Lamar got a job at the La Mode, in his senior year of high school. The La Mode was a downtown clothing store, owned and operated by father and son. Sammy Kopelov, the father, was little man, a first generation Russian immigrant with a pleasant round bespectacled face, grey hair and a charming accent. I thought he fit the classic model of the sweet elder Jew from the old country. His son, Jerry, a combat Veteran of WWII was tall, athletic, and animated.
Don and I frequently stopped to visit, and got to know Sammy, Jerry, and Mr. Raab, who owned the shoe department at the back of the store. Lamar started wearing suits, sport coats, dress shirts and ties - understandable considering where he worked, but he also seemed to like fashion, and the chance to “dress-up”.
Don and Lamar graduated high school in 1956, and Lamar joined the Air Force at the beginning of that summer. I remember walking with him after school the day he went to enlist. On the way back he remarked that he didn’t care to live past forty. I can’t recall how that came up, or the explanation he provided, something about life wouldn’t be any fun after that. I didn’t say anything, but planned to remind him of his statement twenty years hence, but never got around to it.
Don went to Purdue University that fall. Our trio broke up for good, and I was forced to find other social outlets. A few years later Don and I started attending Indiana University in Bloomington. That was in the fall of 1960, so several years passed in which we didn’t see a whole lot of Lamar - five or six. Friends in the Air Force renamed him “Mike” Hammer, and that stuck for the rest of his life. But he was always “Lamar” to us.
After discharge he worked in Peru and later at the Kokomo Chrysler plant. He had a television show in the mid-70’s called, ”Hook, Line, and Sinker“. I had a brief claim-to-fame when I appeared on it to tell about my adventures at caribou hunting in Alaska.
Don married in June of 1962. Lamar attended, and the two of us played basketball in our tuxedos at the in-laws house after the wedding. Six months later we had a riotous holiday celebration that lasted from Christmas Eve through New Years Eve - the last time the two of us spent an extended time together.

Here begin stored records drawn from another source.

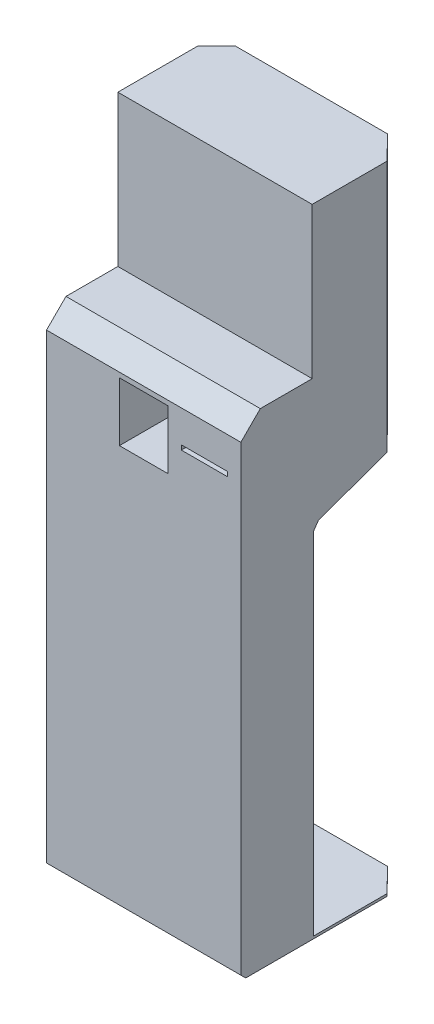
from build123d import *

# Parameters (mm, degrees)
BOSS_EXTRUDE1_DEPTH     = 400
SKETCH2_W               = 100
SKETCH2_H               = 121
SKETCH2_W_2             = 95.3
SKETCH2_H_2             = 9.4
CUT_EXTRUDE1_DEPTH      = 268
CUT_EXTRUDE2_DEPTH      = 1
CUT_EXTRUDE2_DEPTH_BACK = 1311.69690242


with BuildPart() as part:
    # Sketch1 → Boss-Extrude1 (new body)
    with BuildSketch(Plane(origin=(0, 0, 0), x_dir=(0, 0, -1), z_dir=(1, 0, 0))):
        Polygon((0, 0), (-340, 0), (-350, 10), (-350, 960), (-310, 1000), (-203.251091608, 1000), (-203.251091608, 1310.69690242), (-108.48888922, 1310.69690242), (0, 1310.69690242), (0, 1000), (0, 970), (0, 820), (-9.396926208, 806.579798567), (-27.474774195, 800), (-190.603073792, 740.62615458), (-200, 727.205953147), (-200, 5), (0, 5), align=None)
    extrude(amount=BOSS_EXTRUDE1_DEPTH)

    # Sketch2 → Cut-Extrude1 (cut)
    with BuildSketch(Plane.XY.offset(350)):
        with Locations((200, 889.5)):
            Rectangle(SKETCH2_W, SKETCH2_H)
        with Locations((325, 889.5)):
            Rectangle(SKETCH2_W_2, SKETCH2_H_2)
    extrude(amount=-CUT_EXTRUDE1_DEPTH, mode=Mode.SUBTRACT)

    # Sketch3 → Cut-Extrude2 (cut, two sides)
    with BuildSketch(Plane(origin=(0, 0, 0), x_dir=(-1, 0, 0), z_dir=(0, -1, 0))) as cut_extrude2_sk:
        Polygon((32.971910004, -72.804395349), (-67.728153305, 29.569560354), (-322.648629759, 29.569560354), (-423.348693067, -72.804395349), (-423.348693067, 100.069531779), (32.971910004, 100.069531779), align=None)
    extrude(amount=CUT_EXTRUDE2_DEPTH, mode=Mode.SUBTRACT)
    extrude(cut_extrude2_sk.sketch, amount=-CUT_EXTRUDE2_DEPTH_BACK, mode=Mode.SUBTRACT)


solid = part.part

Lamar married a young woman, Bonnie Maish, in 1964 and adopted her young sons, Scott and Todd. I left for Alaska in 1967, and they moved to Minnesota in 1976. I guess he wanted to extend that fishing trip of so many years before. My wife, Mary and I, visited them in Minnesota in 1983. We met again in April of 2002, a week after brother Don died. Don and Lamar were nearly the same age; Don being 27 days older. Lamar returned to Minnesota and died eighteen days after Don. They were both about two months past their 64th birthday. Don died first, but lived nine days longer than Lamar.